[Dataset records Boundary: Start]
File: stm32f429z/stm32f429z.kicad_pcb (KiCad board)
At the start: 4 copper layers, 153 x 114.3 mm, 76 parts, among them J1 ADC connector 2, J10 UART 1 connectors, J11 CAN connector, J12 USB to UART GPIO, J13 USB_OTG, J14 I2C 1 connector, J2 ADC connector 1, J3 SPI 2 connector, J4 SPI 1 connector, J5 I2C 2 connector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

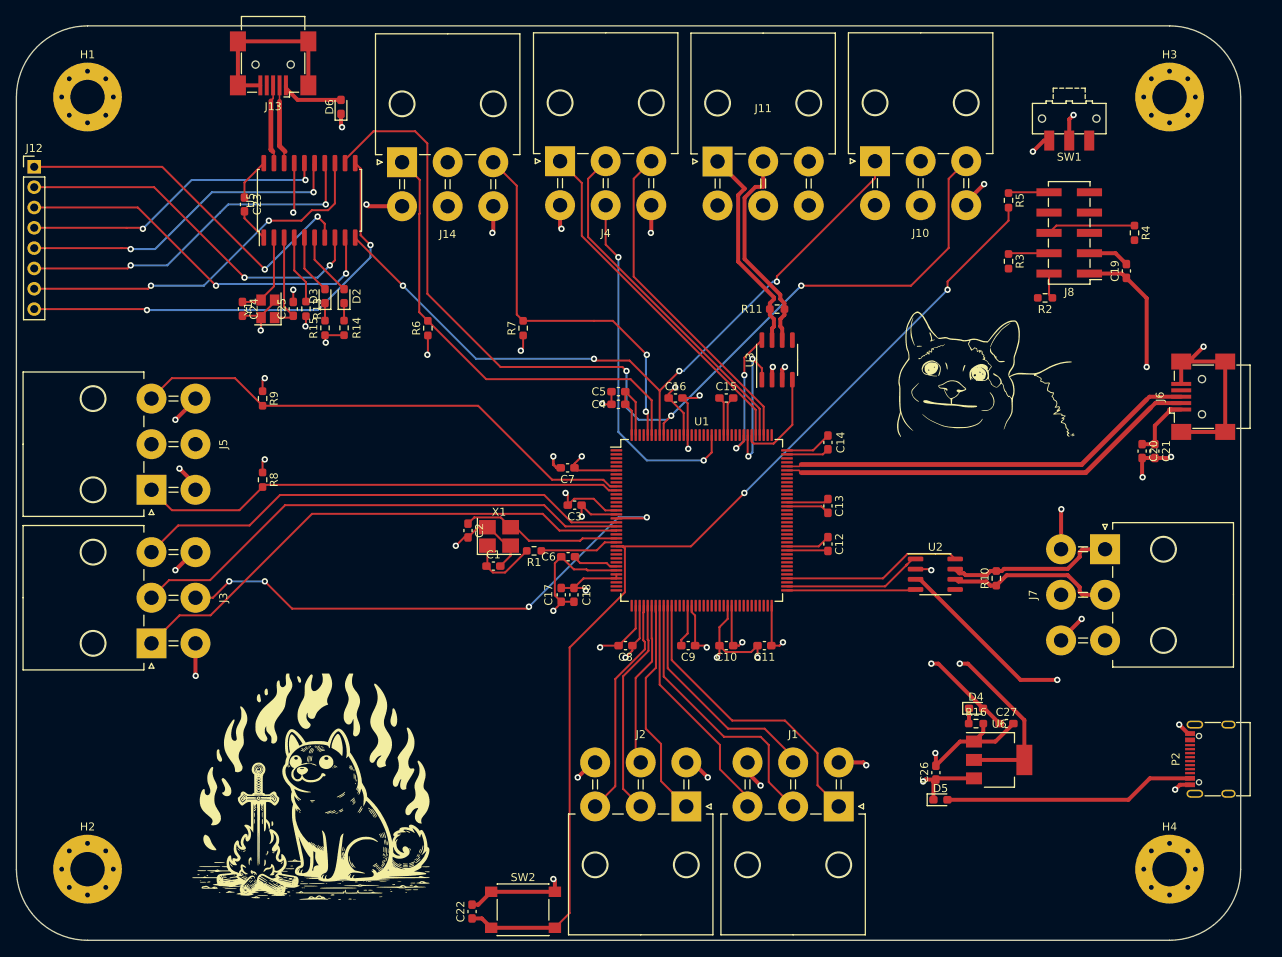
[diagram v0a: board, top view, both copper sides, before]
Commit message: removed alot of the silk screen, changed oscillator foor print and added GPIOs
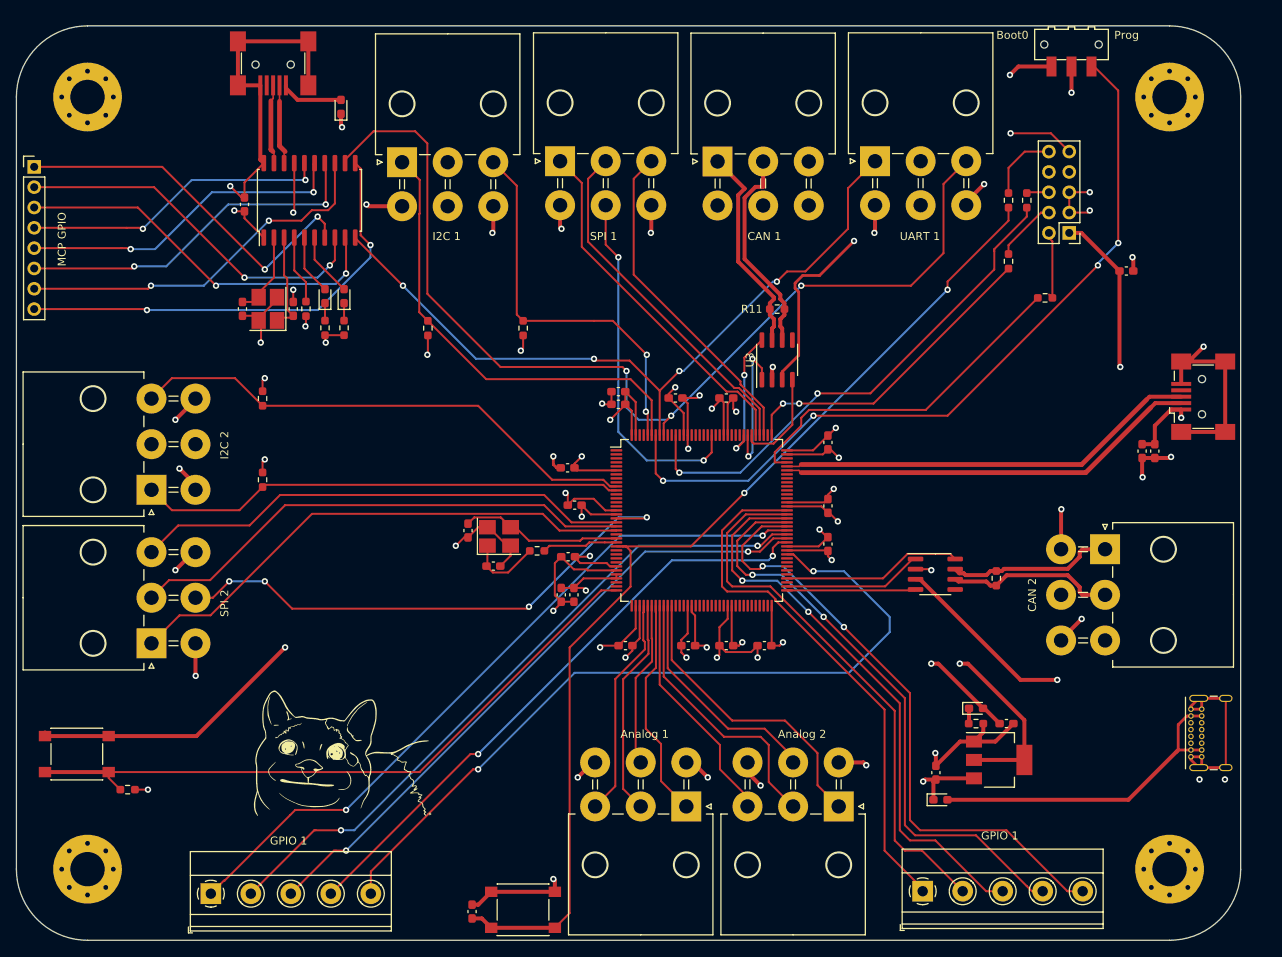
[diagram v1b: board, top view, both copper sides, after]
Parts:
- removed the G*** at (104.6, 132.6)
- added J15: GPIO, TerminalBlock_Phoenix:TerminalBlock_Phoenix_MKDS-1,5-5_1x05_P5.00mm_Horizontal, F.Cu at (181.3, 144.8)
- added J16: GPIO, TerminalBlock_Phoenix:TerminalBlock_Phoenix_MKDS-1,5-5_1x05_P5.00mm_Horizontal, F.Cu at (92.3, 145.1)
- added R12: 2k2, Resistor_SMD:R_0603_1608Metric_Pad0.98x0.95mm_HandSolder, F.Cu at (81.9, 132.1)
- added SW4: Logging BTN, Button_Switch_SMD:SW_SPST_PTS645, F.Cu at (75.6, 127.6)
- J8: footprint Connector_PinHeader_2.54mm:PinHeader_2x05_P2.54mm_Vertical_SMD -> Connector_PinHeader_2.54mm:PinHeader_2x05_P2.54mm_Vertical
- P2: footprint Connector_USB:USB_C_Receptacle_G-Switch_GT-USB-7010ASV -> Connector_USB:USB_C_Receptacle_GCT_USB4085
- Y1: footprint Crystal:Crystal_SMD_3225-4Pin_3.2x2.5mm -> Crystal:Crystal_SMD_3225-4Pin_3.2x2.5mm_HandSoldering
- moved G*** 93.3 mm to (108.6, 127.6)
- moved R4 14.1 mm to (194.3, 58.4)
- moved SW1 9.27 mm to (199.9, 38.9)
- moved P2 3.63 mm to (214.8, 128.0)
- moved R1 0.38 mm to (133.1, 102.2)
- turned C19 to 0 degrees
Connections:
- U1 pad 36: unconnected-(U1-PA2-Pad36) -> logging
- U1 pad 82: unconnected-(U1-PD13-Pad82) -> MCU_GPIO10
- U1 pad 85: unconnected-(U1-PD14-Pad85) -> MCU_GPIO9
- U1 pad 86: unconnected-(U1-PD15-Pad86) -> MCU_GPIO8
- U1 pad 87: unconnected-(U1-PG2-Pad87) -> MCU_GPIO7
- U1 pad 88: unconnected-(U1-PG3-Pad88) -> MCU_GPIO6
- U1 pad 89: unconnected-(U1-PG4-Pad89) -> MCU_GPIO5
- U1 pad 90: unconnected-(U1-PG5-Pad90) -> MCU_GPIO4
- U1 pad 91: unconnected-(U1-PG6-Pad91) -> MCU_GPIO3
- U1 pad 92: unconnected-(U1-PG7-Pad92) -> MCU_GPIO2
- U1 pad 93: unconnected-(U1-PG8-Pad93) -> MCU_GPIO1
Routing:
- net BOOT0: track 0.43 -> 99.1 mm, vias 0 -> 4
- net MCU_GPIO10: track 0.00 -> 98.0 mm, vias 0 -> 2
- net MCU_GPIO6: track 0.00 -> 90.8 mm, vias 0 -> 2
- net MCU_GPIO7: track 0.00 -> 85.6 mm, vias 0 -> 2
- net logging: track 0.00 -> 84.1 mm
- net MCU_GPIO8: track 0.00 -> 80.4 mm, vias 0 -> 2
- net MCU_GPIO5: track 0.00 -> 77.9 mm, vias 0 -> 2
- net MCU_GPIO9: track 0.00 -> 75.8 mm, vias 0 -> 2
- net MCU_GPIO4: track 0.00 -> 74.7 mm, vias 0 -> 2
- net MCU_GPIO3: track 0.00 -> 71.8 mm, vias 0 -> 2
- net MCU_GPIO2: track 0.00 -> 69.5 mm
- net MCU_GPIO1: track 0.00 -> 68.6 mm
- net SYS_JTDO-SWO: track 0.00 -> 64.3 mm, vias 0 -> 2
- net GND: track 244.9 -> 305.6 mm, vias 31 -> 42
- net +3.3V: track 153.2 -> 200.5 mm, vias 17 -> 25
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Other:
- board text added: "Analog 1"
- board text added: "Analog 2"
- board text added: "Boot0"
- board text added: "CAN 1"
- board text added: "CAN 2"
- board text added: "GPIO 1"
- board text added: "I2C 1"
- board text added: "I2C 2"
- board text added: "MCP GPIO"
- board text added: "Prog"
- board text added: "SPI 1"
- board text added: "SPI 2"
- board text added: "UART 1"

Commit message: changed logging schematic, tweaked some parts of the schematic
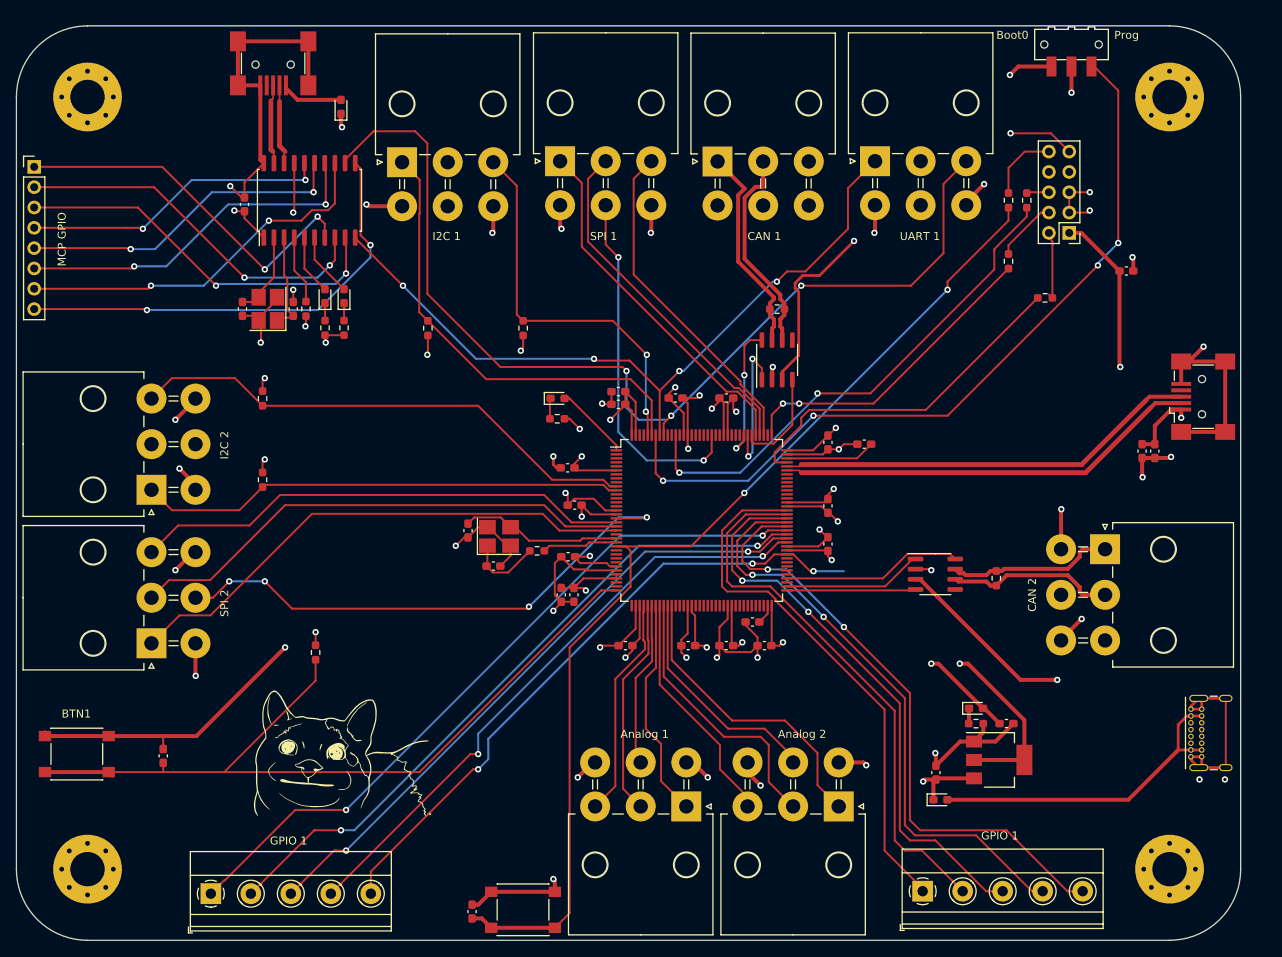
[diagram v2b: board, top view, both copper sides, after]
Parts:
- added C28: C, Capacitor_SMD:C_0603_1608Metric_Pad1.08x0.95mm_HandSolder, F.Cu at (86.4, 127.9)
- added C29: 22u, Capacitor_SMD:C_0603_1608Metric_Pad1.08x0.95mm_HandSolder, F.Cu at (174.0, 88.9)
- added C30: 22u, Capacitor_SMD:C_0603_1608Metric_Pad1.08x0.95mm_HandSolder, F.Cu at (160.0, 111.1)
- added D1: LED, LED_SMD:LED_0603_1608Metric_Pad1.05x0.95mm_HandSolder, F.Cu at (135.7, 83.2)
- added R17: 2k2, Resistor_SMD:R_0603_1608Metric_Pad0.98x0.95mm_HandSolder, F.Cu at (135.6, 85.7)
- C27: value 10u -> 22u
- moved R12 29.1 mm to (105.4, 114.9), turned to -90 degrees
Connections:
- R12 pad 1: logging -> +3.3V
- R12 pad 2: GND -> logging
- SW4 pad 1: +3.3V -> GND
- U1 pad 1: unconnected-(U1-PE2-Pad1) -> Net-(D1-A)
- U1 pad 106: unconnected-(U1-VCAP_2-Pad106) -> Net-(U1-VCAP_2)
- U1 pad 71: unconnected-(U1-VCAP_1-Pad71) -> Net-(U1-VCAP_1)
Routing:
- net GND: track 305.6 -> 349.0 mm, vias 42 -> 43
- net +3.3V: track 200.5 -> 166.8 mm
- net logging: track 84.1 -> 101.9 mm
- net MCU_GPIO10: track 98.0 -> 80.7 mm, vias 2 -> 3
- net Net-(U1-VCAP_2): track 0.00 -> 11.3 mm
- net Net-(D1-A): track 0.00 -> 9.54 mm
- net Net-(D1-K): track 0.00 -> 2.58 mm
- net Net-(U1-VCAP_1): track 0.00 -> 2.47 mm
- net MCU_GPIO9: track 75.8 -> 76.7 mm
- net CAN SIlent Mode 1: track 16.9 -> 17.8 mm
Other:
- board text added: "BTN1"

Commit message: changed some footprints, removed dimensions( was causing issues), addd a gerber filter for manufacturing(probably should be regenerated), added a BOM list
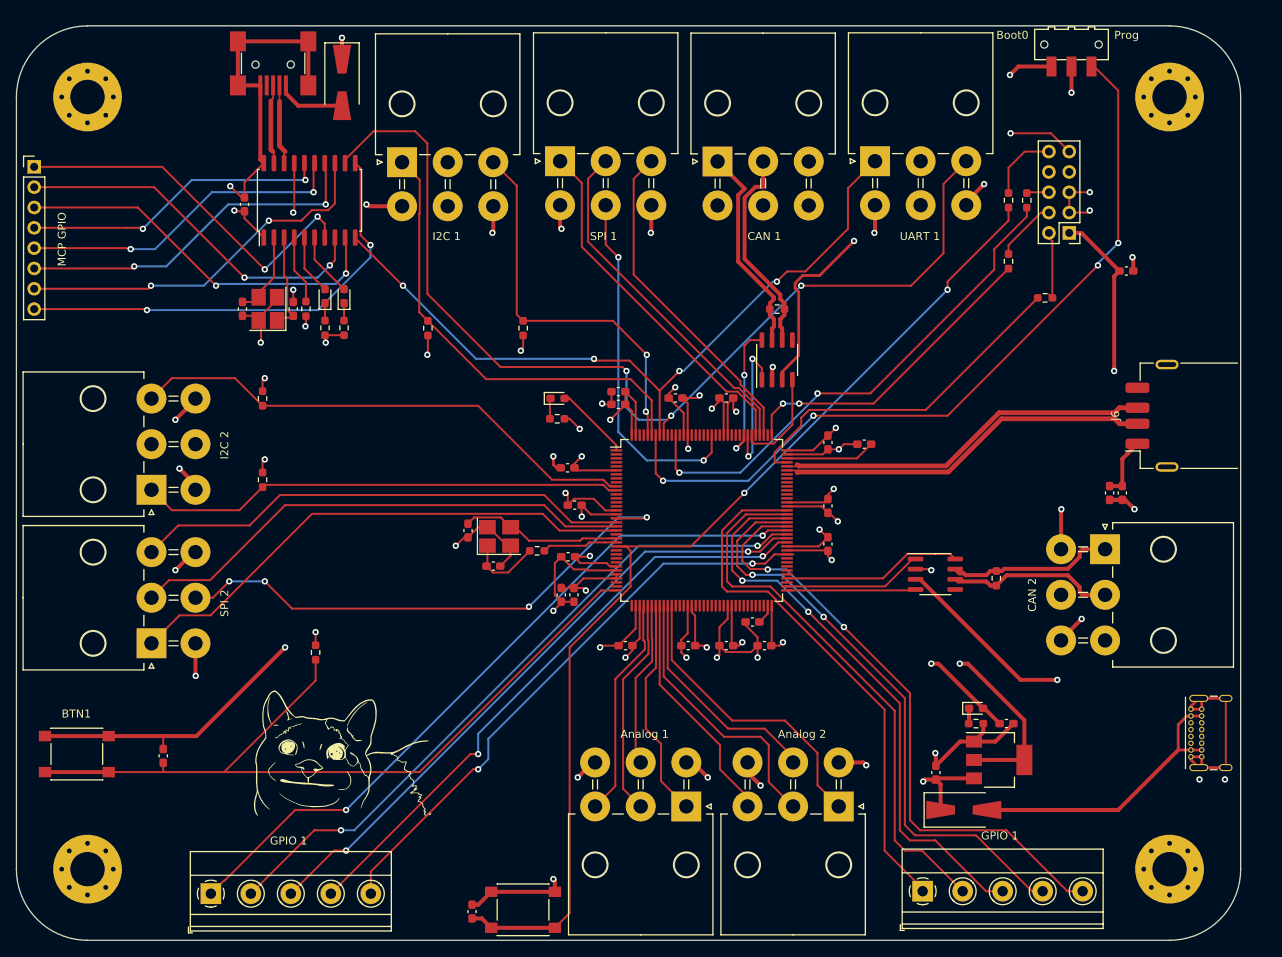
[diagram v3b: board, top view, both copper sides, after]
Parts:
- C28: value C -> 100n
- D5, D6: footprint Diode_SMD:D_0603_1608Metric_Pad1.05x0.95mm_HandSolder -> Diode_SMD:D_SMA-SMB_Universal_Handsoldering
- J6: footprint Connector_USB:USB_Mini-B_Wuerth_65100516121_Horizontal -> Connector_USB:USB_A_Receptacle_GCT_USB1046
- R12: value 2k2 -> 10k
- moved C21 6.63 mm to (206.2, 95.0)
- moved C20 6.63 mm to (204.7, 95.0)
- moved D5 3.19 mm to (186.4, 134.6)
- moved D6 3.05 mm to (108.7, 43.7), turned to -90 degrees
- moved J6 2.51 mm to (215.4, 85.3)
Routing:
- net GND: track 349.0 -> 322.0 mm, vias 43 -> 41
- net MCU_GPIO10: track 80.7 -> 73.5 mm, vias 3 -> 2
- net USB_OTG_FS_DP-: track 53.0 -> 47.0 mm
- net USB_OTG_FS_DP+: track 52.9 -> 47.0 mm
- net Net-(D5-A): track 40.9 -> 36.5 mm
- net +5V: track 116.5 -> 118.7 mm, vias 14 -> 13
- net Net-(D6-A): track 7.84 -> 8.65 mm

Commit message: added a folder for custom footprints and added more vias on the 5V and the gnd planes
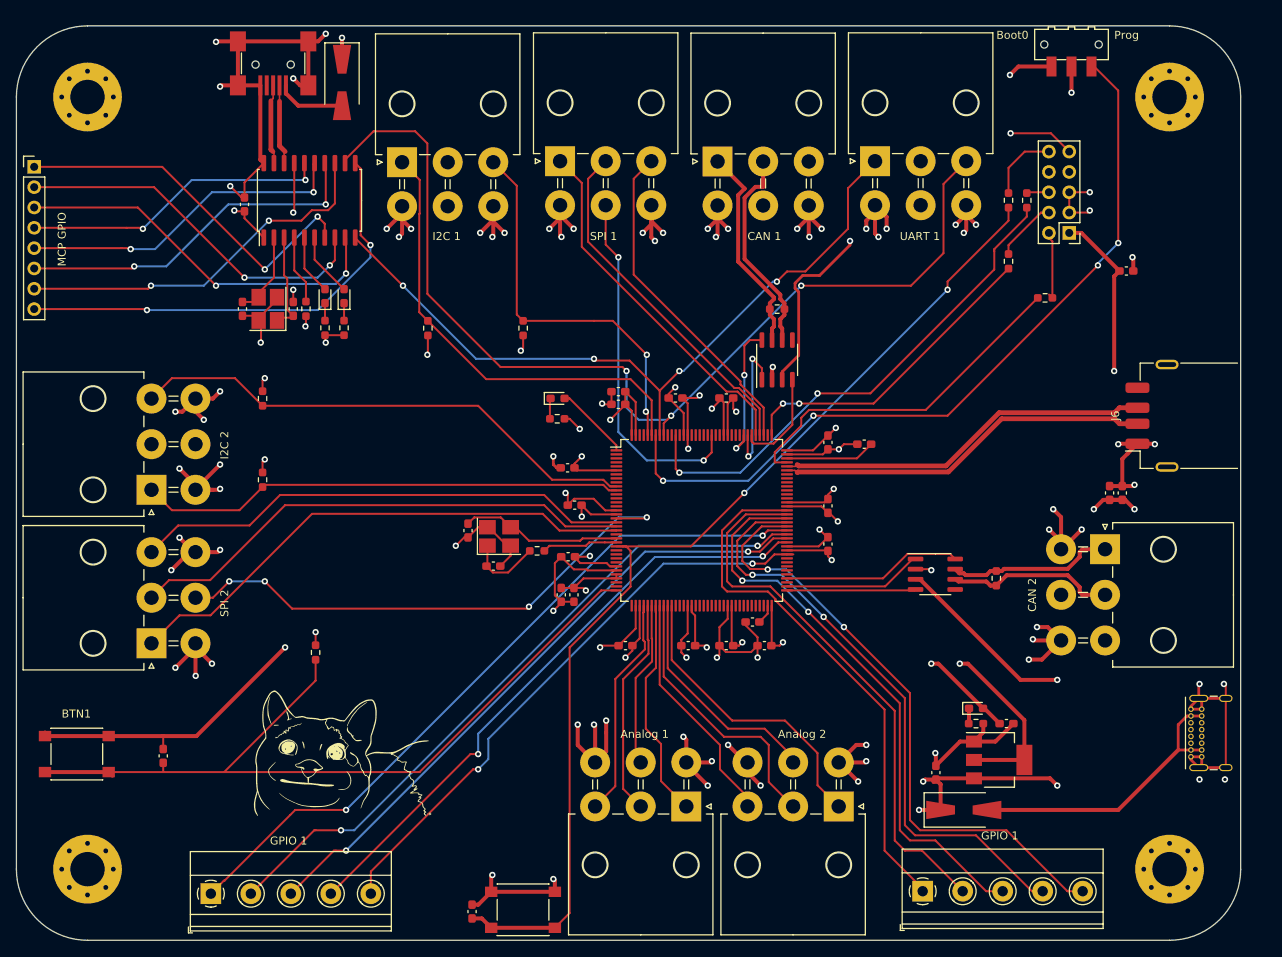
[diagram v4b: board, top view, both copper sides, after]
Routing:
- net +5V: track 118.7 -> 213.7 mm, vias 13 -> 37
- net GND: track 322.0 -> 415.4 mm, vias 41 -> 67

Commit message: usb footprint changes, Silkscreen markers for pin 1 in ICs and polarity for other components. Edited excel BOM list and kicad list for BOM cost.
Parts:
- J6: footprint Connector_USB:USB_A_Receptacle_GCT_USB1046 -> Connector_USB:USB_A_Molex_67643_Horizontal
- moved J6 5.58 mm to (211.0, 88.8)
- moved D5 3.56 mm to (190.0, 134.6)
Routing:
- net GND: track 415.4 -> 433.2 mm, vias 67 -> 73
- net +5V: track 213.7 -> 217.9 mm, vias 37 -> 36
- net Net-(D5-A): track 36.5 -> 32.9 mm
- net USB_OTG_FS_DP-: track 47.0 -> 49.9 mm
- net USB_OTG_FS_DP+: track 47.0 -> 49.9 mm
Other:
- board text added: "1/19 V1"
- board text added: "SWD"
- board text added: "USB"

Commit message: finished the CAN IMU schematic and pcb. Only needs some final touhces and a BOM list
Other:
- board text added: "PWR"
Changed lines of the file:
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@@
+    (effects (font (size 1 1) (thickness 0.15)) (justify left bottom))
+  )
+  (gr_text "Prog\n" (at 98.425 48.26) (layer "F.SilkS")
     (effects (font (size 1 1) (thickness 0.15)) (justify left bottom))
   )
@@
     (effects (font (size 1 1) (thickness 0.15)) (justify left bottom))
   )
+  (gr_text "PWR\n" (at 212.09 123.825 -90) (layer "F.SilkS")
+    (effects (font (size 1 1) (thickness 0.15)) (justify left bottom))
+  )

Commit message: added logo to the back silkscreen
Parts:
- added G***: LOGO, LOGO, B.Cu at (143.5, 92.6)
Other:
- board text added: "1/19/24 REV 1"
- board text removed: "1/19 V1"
[Dataset records Boundary: End]
Problem statement:
Return only the part of the records above that opens with the line containing "- moved C20 6.63 mm to (204.7, 95.0)" and closes with the line containing "- net USB_OTG_FS_DP-: track 53.0 -> 47.0 mm", ends included.

Task answer:
- moved C20 6.63 mm to (204.7, 95.0)
- moved D5 3.19 mm to (186.4, 134.6)
- moved D6 3.05 mm to (108.7, 43.7), turned to -90 degrees
- moved J6 2.51 mm to (215.4, 85.3)
Routing:
- net GND: track 349.0 -> 322.0 mm, vias 43 -> 41
- net MCU_GPIO10: track 80.7 -> 73.5 mm, vias 3 -> 2
- net USB_OTG_FS_DP-: track 53.0 -> 47.0 mm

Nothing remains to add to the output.